Exercise directions — Some lines of the records below include the word "ACCESSROAD". Report how many, and write nothing besides the number.

Source data:

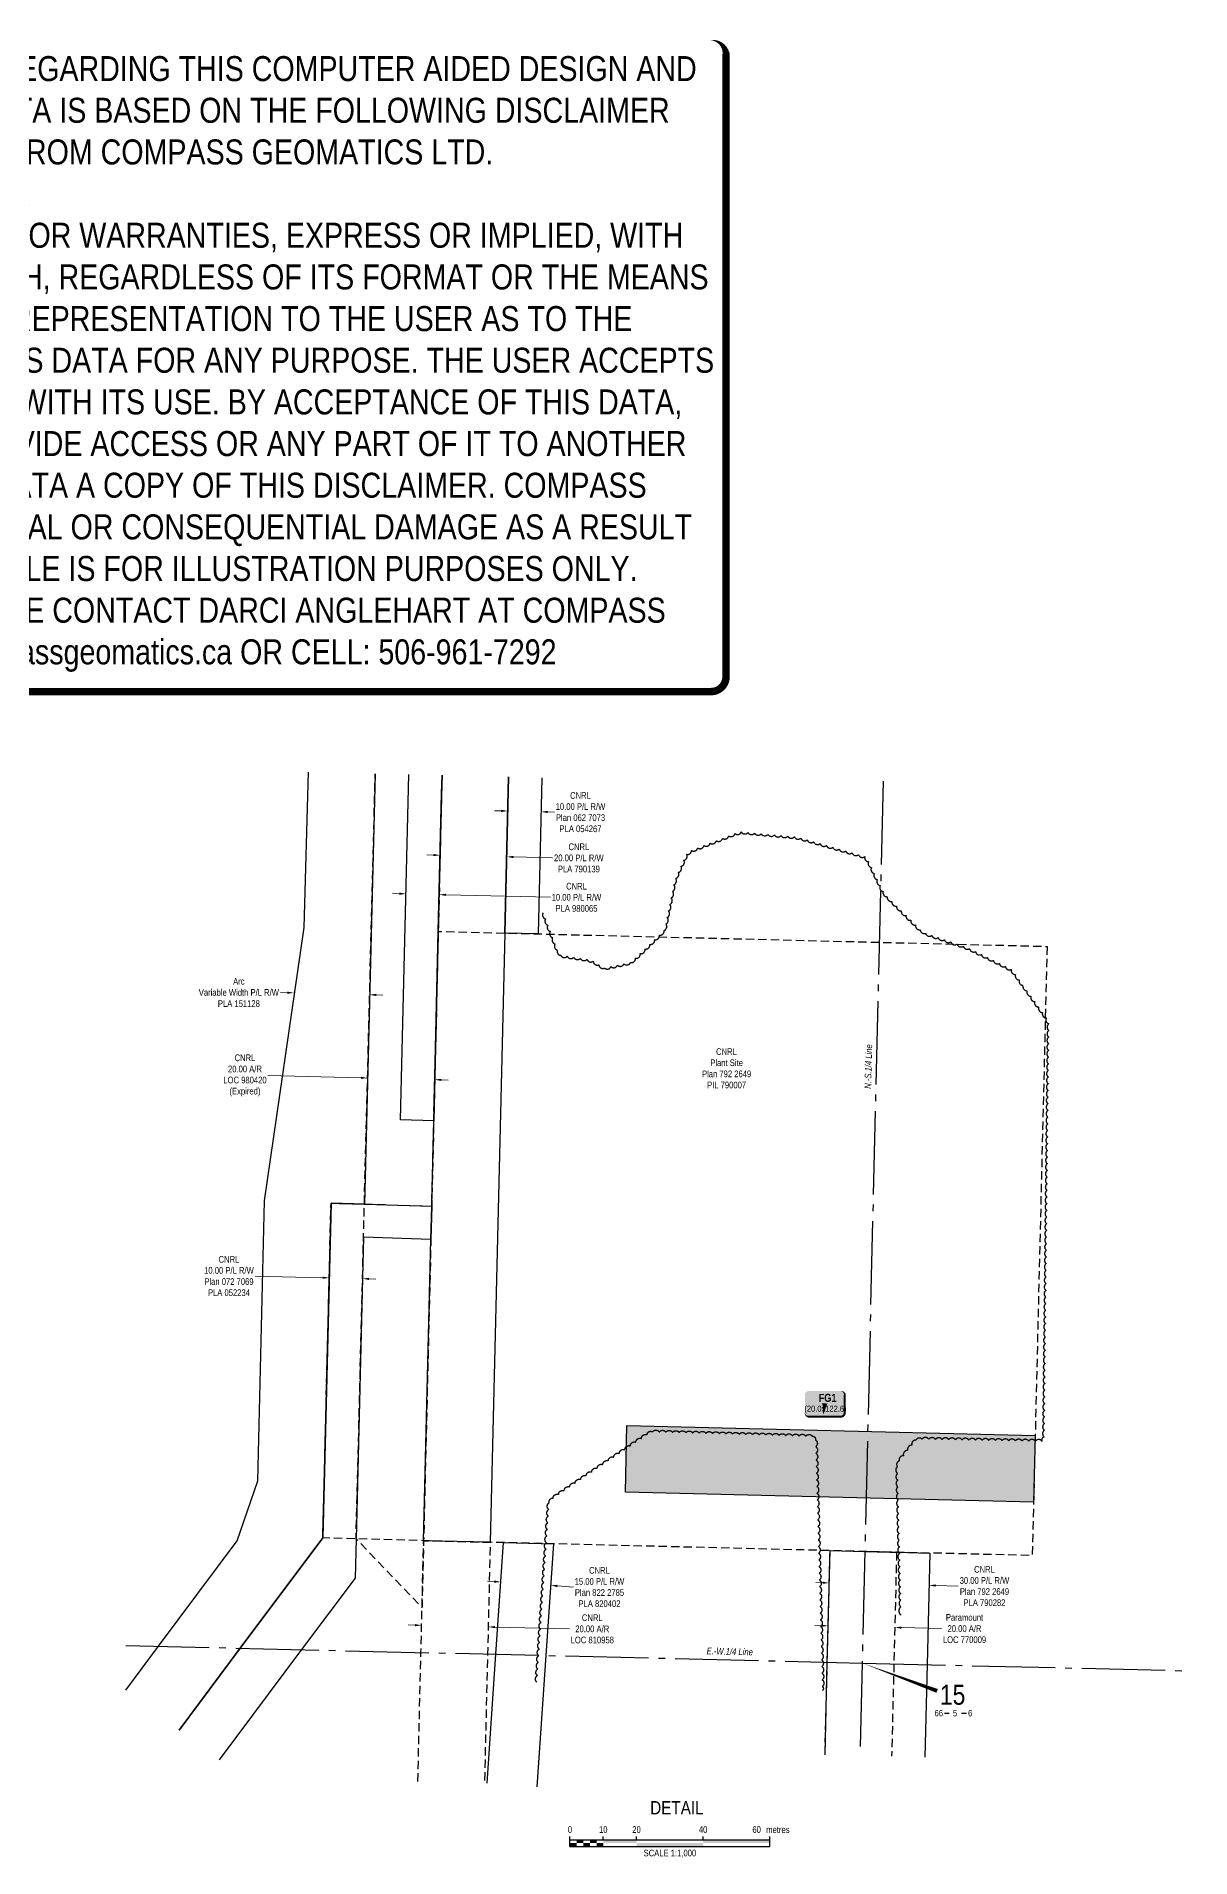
# Model space of a CAD drawing. Extents: x 391663 to 395272, y 6063619 to 6066351.
# Drawn here: x 393540 to 395272, y 6063619 to 6066351 of the extents above; entities that cross this region are included whole.
import ezdxf
from ezdxf.enums import TextEntityAlignment as Align

# ---------------------------------------------------------------- set-up
doc = ezdxf.new("R2010")
doc.units = 0
doc.header["$LTSCALE"] = 5
doc.header["$PDSIZE"] = 0.5
for name, pattern in [('0', [1, 1, 0]), ('foc-ACCESSROAD', [3.75, 2.5, -1.25]), ('foc-QUARTERLINE', [33, 25, -3, 2, -3])]:
    doc.linetypes.add(name, pattern=pattern)
doc.layers.get('Defpoints').update_dxf_attribs({"color": 9})
for name, color, linetype in [('10', 1, 'Continuous'), ('9', 3, 'Continuous'), ('C-AR', 13, 'foc-ACCESSROAD'), ('C-RW', 13, 'Continuous'), ('C-SYMBOL', 7, 'Continuous'), ('C-WS', 13, 'foc-ACCESSROAD'), ('DETAIL-T', 7, 'Continuous'), ('F-AR', 190, 'foc-ACCESSROAD'), ('F-RW', 190, 'Continuous'), ('L-SECLBL', 7, 'Continuous'), ('L-SECQ', 8, 'foc-QUARTERLINE'), ('P-TEMP-BLOCKS', 250, 'Continuous'), ('P-WORKAREA', 113, 'Continuous'), ('P-WORKAREA-H', 111, 'Continuous'), ('T-BUSH', 110, '0')]:
    doc.layers.add(name, color=color, linetype=linetype)
for name, color, linetype, lineweight in [('C-AR-T', 13, 'Continuous', 9), ('C-RW-T', 13, 'Continuous', 9), ('C-WS-T', 13, 'Continuous', 9), ('F-AR-T', 190, 'Continuous', 9), ('F-RW-T', 190, 'Continuous', 9)]:
    doc.layers.add(name, color=color, linetype=linetype, lineweight=lineweight)
doc.layers.add('DISCLAIMER', color=7, linetype='Continuous', plot=False)
doc.styles.add('80', font='', dxfattribs={"height": 10})
doc.styles.add('80CG', font='', dxfattribs={"height": 10})
doc.styles.add('80L', font='', dxfattribs={"height": 10})
doc.styles.add('BOLD', font='')
doc.styles.add('SIMPLEX', font='')
doc.styles.get('80').set_extended_font_data('Arial Narrow')
doc.styles.get('80CG').set_extended_font_data('Arial Narrow')
doc.styles.get('80L').set_extended_font_data('Arial Narrow')
doc.styles.get('BOLD').set_extended_font_data('Arial Narrow', bold=True)
doc.styles.get('SIMPLEX').set_extended_font_data('Arial Narrow')
doc.dimstyles.new('Compass 5 000', dxfattribs={"dimscale": 5, "dimtxt": 9, "dimasz": 2, "dimexe": 0.2, "dimexo": 0.0625, "dimgap": 0.5, "dimtad": 0, "dimtih": 1, "dimtoh": 1, "dimzin": 0, "dimdsep": 46, "dimtxsty": '80CG', "dimcen": 0.1, "dimse1": 1, "dimse2": 1, "dimclrd": 256, "dimclrt": 256, "dimaunit": 1, "dimadec": 4, "dimazin": 0, "dimtfac": 0.06, "dimtofl": 0, "dimtmove": 0, "dimatfit": 1, "dimfxl": 0.2, "dimtolj": 1, "dimtzin": 0, "dimlwd": -1, "dimarcsym": 0})

# ---------------------------------------------------------------- blocks, each defined once
blk = doc.blocks.new('*D395')
at = {"layer": 'C-RW-T', "transparency": 16777216}
for p, q in [((394719.9014160458, 6064031.650216594), (394709.9043981197, 6064031.894414435)), ((394889.7862888169, 6064027.500427189), (394923.4624920174, 6064026.67781627))]:
    blk.add_line(p, q, dxfattribs=at)
for points in [[(394719.9421156859, 6064033.316386249), (394719.8607164057, 6064029.98404694), (394729.8984339719, 6064031.406018754)], [(394889.826988457, 6064029.166596844), (394889.7455891768, 6064025.834257535), (394879.7892708909, 6064027.744625029)]]:
    blk.add_solid(points, dxfattribs=at)
at = {"layer": 'Defpoints', "color": 0, "transparency": 16777216}
for p in [(394879.7892708909, 6064027.744625029), (394728.6477346721, 6063980.204651487), (394878.538571591, 6063976.543257763)]:
    blk.add_point(p, dxfattribs=at)
at = {"layer": 'C-RW-T', "transparency": 16777216, "insert": (394962.9338426313, 6064026.67781627), "char_height": 10, "width": 372.4986357435198, "attachment_point": 5, "style": '80CG'}
blk.add_mtext('\\A1;CNRL\\P30.00 P/L R/W\\PPlan 792 2649 \\PPLA 790282', dxfattribs=at)
blk = doc.blocks.new('*D396')
at = {"layer": 'Defpoints', "color": 0, "transparency": 16777216}
for p in [(394828.2822161301, 6063964.550864753), (394722.7183389941, 6063737.525607863), (394822.6755616234, 6063735.083320805)]:
    blk.add_point(p, dxfattribs=at)
at = {"layer": 'F-AR-T', "transparency": 16777216}
for p, q in [((394718.3279771012, 6063967.237412137), (394708.3309607016, 6063967.481672463)), ((394838.2792325297, 6063964.306604427), (394898.6763237064, 6063962.83090282))]:
    blk.add_line(p, q, dxfattribs=at)
for points in [[(394718.3686871555, 6063968.903581537), (394718.2872670469, 6063965.571242738), (394728.3249935008, 6063966.993151811)], [(394838.319942584, 6063965.972773828), (394838.2385224754, 6063962.640435028), (394828.2822161301, 6063964.550864753)]]:
    blk.add_solid(points, dxfattribs=at)
at = {"layer": 'F-AR-T', "transparency": 16777216, "insert": (394932.9907848252, 6063962.83090282), "char_height": 10, "attachment_point": 5, "style": '80CG'}
blk.add_mtext('\\A1;Paramount\\P20.00 A/R\\PLOC 770009', dxfattribs=at)
blk = doc.blocks.new('*D397')
at = {"layer": 'C-AR-T', "transparency": 16777216}
for p, q in [((394108.0880677838, 6063968.021527257), (394098.0909749343, 6063968.262638351)), ((394228.0290130215, 6063965.128777043), (394339.9298288152, 6063962.429939643))]:
    blk.add_line(p, q, dxfattribs=at)
for points in [[(394108.1282529661, 6063969.687709399), (394108.0478826015, 6063966.355345115), (394118.0851606333, 6063967.780416164)], [(394228.0691982037, 6063966.794959185), (394227.9888278392, 6063963.462594901), (394218.031920172, 6063965.369888137)]]:
    blk.add_solid(points, dxfattribs=at)
at = {"layer": 'Defpoints', "color": 0, "transparency": 16777216}
for p in [(394118.0851606333, 6063967.780416164), (394115.1715282402, 6063846.973641478), (394215.1182877789, 6063844.563113451)]:
    blk.add_point(p, dxfattribs=at)
at = {"layer": 'C-AR-T', "transparency": 16777216, "insert": (394374.2442899339, 6063962.429939643), "char_height": 10, "attachment_point": 5, "style": '80CG'}
blk.add_mtext('\\A1;CNRL\\P20.00 A/R\\PLOC 810958', dxfattribs=at)
blk = doc.blocks.new('*D398')
at = {"layer": 'C-RW-T', "transparency": 16777216}
for p, q in [((393969.3627023483, 6064489.178031775), (393868.0104520067, 6064491.673043096)), ((394039.3232050906, 6064487.455798221), (394049.3201764278, 6064487.209700511))]:
    blk.add_line(p, q, dxfattribs=at)
for points in [[(393969.4037186332, 6064490.844193665), (393969.3216860634, 6064487.511869886), (393979.3596736855, 6064488.931934065)], [(394039.3642213755, 6064489.121960111), (394039.2821888056, 6064485.789636332), (394029.3262337534, 6064487.70189593)]]:
    blk.add_solid(points, dxfattribs=at)
at = {"layer": 'Defpoints', "color": 0, "transparency": 16777216}
for p in [(393979.3596736855, 6064488.931934065), (393976.9061063237, 6064389.263218562), (394026.8726663915, 6064388.033180428)]:
    blk.add_point(p, dxfattribs=at)
at = {"layer": 'C-RW-T', "transparency": 16777216, "insert": (393828.9245038485, 6064491.673043096), "char_height": 10, "attachment_point": 5, "style": '80CG'}
blk.add_mtext('\\A1;CNRL\\P10.00 P/L R/W\\PPlan 072 7069\\PPLA 052234', dxfattribs=at)
blk = doc.blocks.new('*D399')
at = {"layer": 'C-RW-T', "transparency": 16777216}
for p, q in [((394227.0632240326, 6064033.405778983), (394217.0868679523, 6064034.093033927)), ((394321.8179453604, 6064026.878280342), (394345.9809154505, 6064025.213732632))]:
    blk.add_line(p, q, dxfattribs=at)
for points in [[(394227.1777665234, 6064035.068504997), (394226.9486815418, 6064031.74305297), (394237.0395801129, 6064032.718524038)], [(394321.9324878512, 6064028.541006356), (394321.7034028696, 6064025.215554329), (394311.8415892801, 6064027.565535286)]]:
    blk.add_solid(points, dxfattribs=at)
at = {"layer": 'Defpoints', "color": 0, "transparency": 16777216}
for p in [(394237.0395801129, 6064032.718524038), (394221.7216044707, 6063810.359149763), (394296.5236136378, 6063805.206161012)]:
    blk.add_point(p, dxfattribs=at)
at = {"layer": 'C-RW-T', "transparency": 16777216, "insert": (394385.066863609, 6064025.213732632), "char_height": 10, "attachment_point": 5, "style": '80CG', "bg_fill": 3, "box_fill_scale": 1.1, "bg_fill_color": 256, "bg_fill_true_color": 13158600, "bg_fill_transparency": 0}
blk.add_mtext('\\A1;CNRL\\P15.00 P/L R/W\\PPlan 822 2785\\PPLA 820402', dxfattribs=at)
blk = doc.blocks.new('*U401')
h = blk.add_hatch(color=111)
edge = h.paths.add_edge_path()
edge.add_line((-23.99999999999998, -20), (23.99999999999998, -20))
edge.add_arc((23.99999999999998, -14), 6, 270, 360)
edge.add_line((29.99999999999998, -14), (29.99999999999998, 12.5))
edge.add_arc((23.99999999999998, 12.5), 6, 0, 90)
edge.add_line((23.99999999999998, 18.5), (-23.99999999999998, 18.5))
edge.add_arc((-23.99999999999998, 12.5), 6, 90, 180)
edge.add_line((-29.99999999999998, 12.5), (-29.99999999999998, -14))
edge.add_arc((-23.99999999999998, -14), 6, 180, 270)
at = {"color": 250, "flags": 128}
blk.add_lwpolyline([(-23.99999999999998, -20, 3, 3, 0), (23.99999999999998, -20, 3, 3, 0.414213562373095), (29.99999999999998, -14, 3, 3, 0), (29.99999999999998, 12.5, 3, 0, 0.414213562373095), (23.99999999999998, 18.5, 0, 0, 0), (-23.99999999999998, 18.5, 0, 0, 0.414213562373095), (-29.99999999999998, 12.5, 0, 0, 0), (-29.99999999999998, -14, 0, 3, 0.414213562373095)], format="xyseb", close=True, dxfattribs=at)
at = {"flags": 128}
blk.add_lwpolyline([(-2.290393427664094, -17.22414568005543, 0, 7.5, 0), (-3.398394867633905e-15, -7.888609052210118e-31, 0, 0, 0)], format="xyseb", dxfattribs=at)
at = {"color": 250}
for tag, p, height, style in [('TEMP_AREA_W1_001', (-9.212824010914055, 2.244292974654144), 12, 'BOLD'), ('ENTER_TEXT_001', (-30.65893587994544, -12.47010782646594), 9, '80')]:
    blk.add_attdef(tag, p, '', height=height, dxfattribs=dict(at, style=style))
blk = doc.blocks.new('*D402')
at = {"layer": 'C-AR-T', "transparency": 16777216}
for p, q in [((394026.8983996882, 6064788.986614739), (393887.2442273786, 6064792.508417089)), ((394147.7557037753, 6064785.938832274), (394157.7525255473, 6064785.686732177))]:
    blk.add_line(p, q, dxfattribs=at)
for points in [[(394026.9404163711, 6064790.652751701), (394026.8563830053, 6064787.320477776), (394036.8952214601, 6064788.734514642)], [(394147.7977204582, 6064787.604969236), (394147.7136870924, 6064784.272695311), (394137.7588820033, 6064786.190932371)]]:
    blk.add_solid(points, dxfattribs=at)
at = {"layer": 'Defpoints', "color": 0, "transparency": 16777216}
for p in [(394037.8106287225, 6064825.034235876), (394138.6742892656, 6064822.490653605), (394036.8952214601, 6064788.734514642)]:
    blk.add_point(p, dxfattribs=at)
at = {"layer": 'C-AR-T', "transparency": 16777216, "insert": (393852.9536407483, 6064792.508417089), "char_height": 10, "attachment_point": 5, "style": '80CG'}
blk.add_mtext('\\A1;CNRL\\P20.00 A/R\\PLOC 980420\\P(Expired)', dxfattribs=at)
blk = doc.blocks.new('*D403')
at = {"layer": 'C-RW-T', "transparency": 16777216}
for p, q in [((394084.5406663105, 6065065.191758196), (394074.5435554233, 6065065.432120234)), ((394154.4726069586, 6065063.510374046), (394311.4665757351, 6065059.735744482))]:
    blk.add_line(p, q, dxfattribs=at)
for points in [[(394084.5807266501, 6065066.857943345), (394084.5006059707, 6065063.525573048), (394094.5377771977, 6065064.951396158)], [(394154.5126672983, 6065065.176559195), (394154.4325466189, 6065061.844188898), (394144.4754960714, 6065063.750736085)]]:
    blk.add_solid(points, dxfattribs=at)
at = {"layer": 'Defpoints', "color": 0, "transparency": 16777216}
for p in [(394095.1505856431, 6065090.439256174), (394145.0883045169, 6065089.2385961), (394144.4754960714, 6065063.750736085)]:
    blk.add_point(p, dxfattribs=at)
at = {"layer": 'C-RW-T', "transparency": 16777216, "insert": (394350.5525238933, 6065059.735744482), "char_height": 10, "attachment_point": 5, "style": '80CG'}
blk.add_mtext('\\A1;CNRL\\P10.00 P/L R/W\\PPLA 980065', dxfattribs=at)
blk = doc.blocks.new('*D404')
at = {"layer": 'C-RW-T', "transparency": 16777216}
for p, q in [((394135.9029393948, 6065123.14013625), (394125.9058395633, 6065123.380957678)), ((394255.8534898876, 6065120.250631962), (394314.6053165445, 6065118.835351629))]:
    blk.add_line(p, q, dxfattribs=at)
for points in [[(394135.9430762994, 6065124.806319555), (394135.8628024902, 6065121.473952944), (394145.9000392263, 6065122.899314822)], [(394255.8936267922, 6065121.916815267), (394255.8133529829, 6065118.584448656), (394245.8563900561, 6065120.49145339)]]:
    blk.add_solid(points, dxfattribs=at)
at = {"layer": 'Defpoints', "color": 0, "transparency": 16777216}
for p in [(394245.8563900561, 6065120.49145339), (394144.629542395, 6065070.15781346), (394244.5858932248, 6065067.749952028)]:
    blk.add_point(p, dxfattribs=at)
at = {"layer": 'C-RW-T', "transparency": 16777216, "insert": (394354.1448799823, 6065118.83535163), "char_height": 10, "attachment_point": 5, "style": '80CG'}
blk.add_mtext('\\A1;CNRL\\P20.00 P/L R/W\\PPLA 790139', dxfattribs=at)
blk = doc.blocks.new('*D405')
at = {"layer": 'C-RW-T', "transparency": 16777216}
for p, q in [((394237.5141225892, 6065189.427583863), (394227.517025086, 6065189.668501923)), ((394307.4794255424, 6065187.74150398), (394317.4765230459, 6065187.500585921))]:
    blk.add_line(p, q, dxfattribs=at)
for points in [[(394237.5542755991, 6065191.093766781), (394237.4739695793, 6065187.761400945), (394247.5112200924, 6065189.186665804)], [(394307.5195785523, 6065189.407686898), (394307.4392725326, 6065186.075321062), (394297.4823280392, 6065187.982422039)]]:
    blk.add_solid(points, dxfattribs=at)
at = {"layer": 'Defpoints', "color": 0, "transparency": 16777216}
for p in [(394247.4559000884, 6065186.891115707), (394297.4270080352, 6065185.686871942), (394297.4823280392, 6065187.982422039)]:
    blk.add_point(p, dxfattribs=at)
at = {"layer": 'C-RW-T', "transparency": 16777216, "insert": (394356.5624712042, 6065187.500585921), "char_height": 10, "attachment_point": 5, "style": '80CG'}
blk.add_mtext('\\A1;CNRL\\P10.00 P/L R/W\\PPlan 062 7073\\PPLA 054267', dxfattribs=at)
blk = doc.blocks.new('L-SECLBL')
at = {"layer": '9', "color": 7}
for p, q in [((-5.082139060913505, -27.83004804289613), (-12.28857354467345, -27.83004804289613)), ((20.70431141927111, -27.83004804289613), (13.49787693551116, -27.83004804289613))]:
    blk.add_line(p, q, dxfattribs=at)
at = {"layer": '10', "color": 2, "style": 'SIMPLEX'}
blk.add_attdef('SEC', text='', height=30, dxfattribs=at).set_placement((0, 0), align=Align.MIDDLE)
at = {"layer": '10', "color": 5, "style": '80L'}
blk.add_attdef('TWP', text='', height=9.5, dxfattribs=at).set_placement((-14.43410290347765, -27.36845155570791), align=Align.MIDDLE_RIGHT)
blk.add_attdef('RGE', text='', height=9.5, dxfattribs=at).set_placement((3.622123863462547, -27.36845155570791), align=Align.MIDDLE_CENTER)
blk.add_attdef('MER', text='', height=9.5, dxfattribs=at).set_placement((23.16775162027989, -27.36845155570791), align=Align.MIDDLE_LEFT)
blk = doc.blocks.new('*D406')
at = {"layer": 'Defpoints', "color": 0, "transparency": 16777216}
for p in [(393926.2509427039, 6064912.397725902), (394039.9414620178, 6064909.530675586), (394040.0442357233, 6064913.606082246)]:
    blk.add_point(p, dxfattribs=at)
at = {"layer": 'F-RW-T', "transparency": 16777216}
for p, q in [((393916.3568946374, 6064916.725232659), (393906.3600728653, 6064916.977332757)), ((394050.0410574953, 6064913.353982149), (394060.0378792673, 6064913.101882051))]:
    blk.add_line(p, q, dxfattribs=at)
for points in [[(393916.3989113204, 6064918.391369621), (393916.3148779545, 6064915.059095697), (393926.3537164094, 6064916.473132561)], [(394050.0830741783, 6064915.020119111), (394049.9990408124, 6064911.687845186), (394040.0442357233, 6064913.606082246)]]:
    blk.add_solid(points, dxfattribs=at)
at = {"layer": 'F-RW-T', "transparency": 16777216, "insert": (393843.7748068353, 6064916.977332757), "char_height": 10, "attachment_point": 5, "style": '80CG'}
blk.add_mtext('\\A1;Arc\\PVariable Width P/L R/W\\PPLA 151128', dxfattribs=at)
blk = doc.blocks.new('*U314')
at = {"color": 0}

Expected answer — 2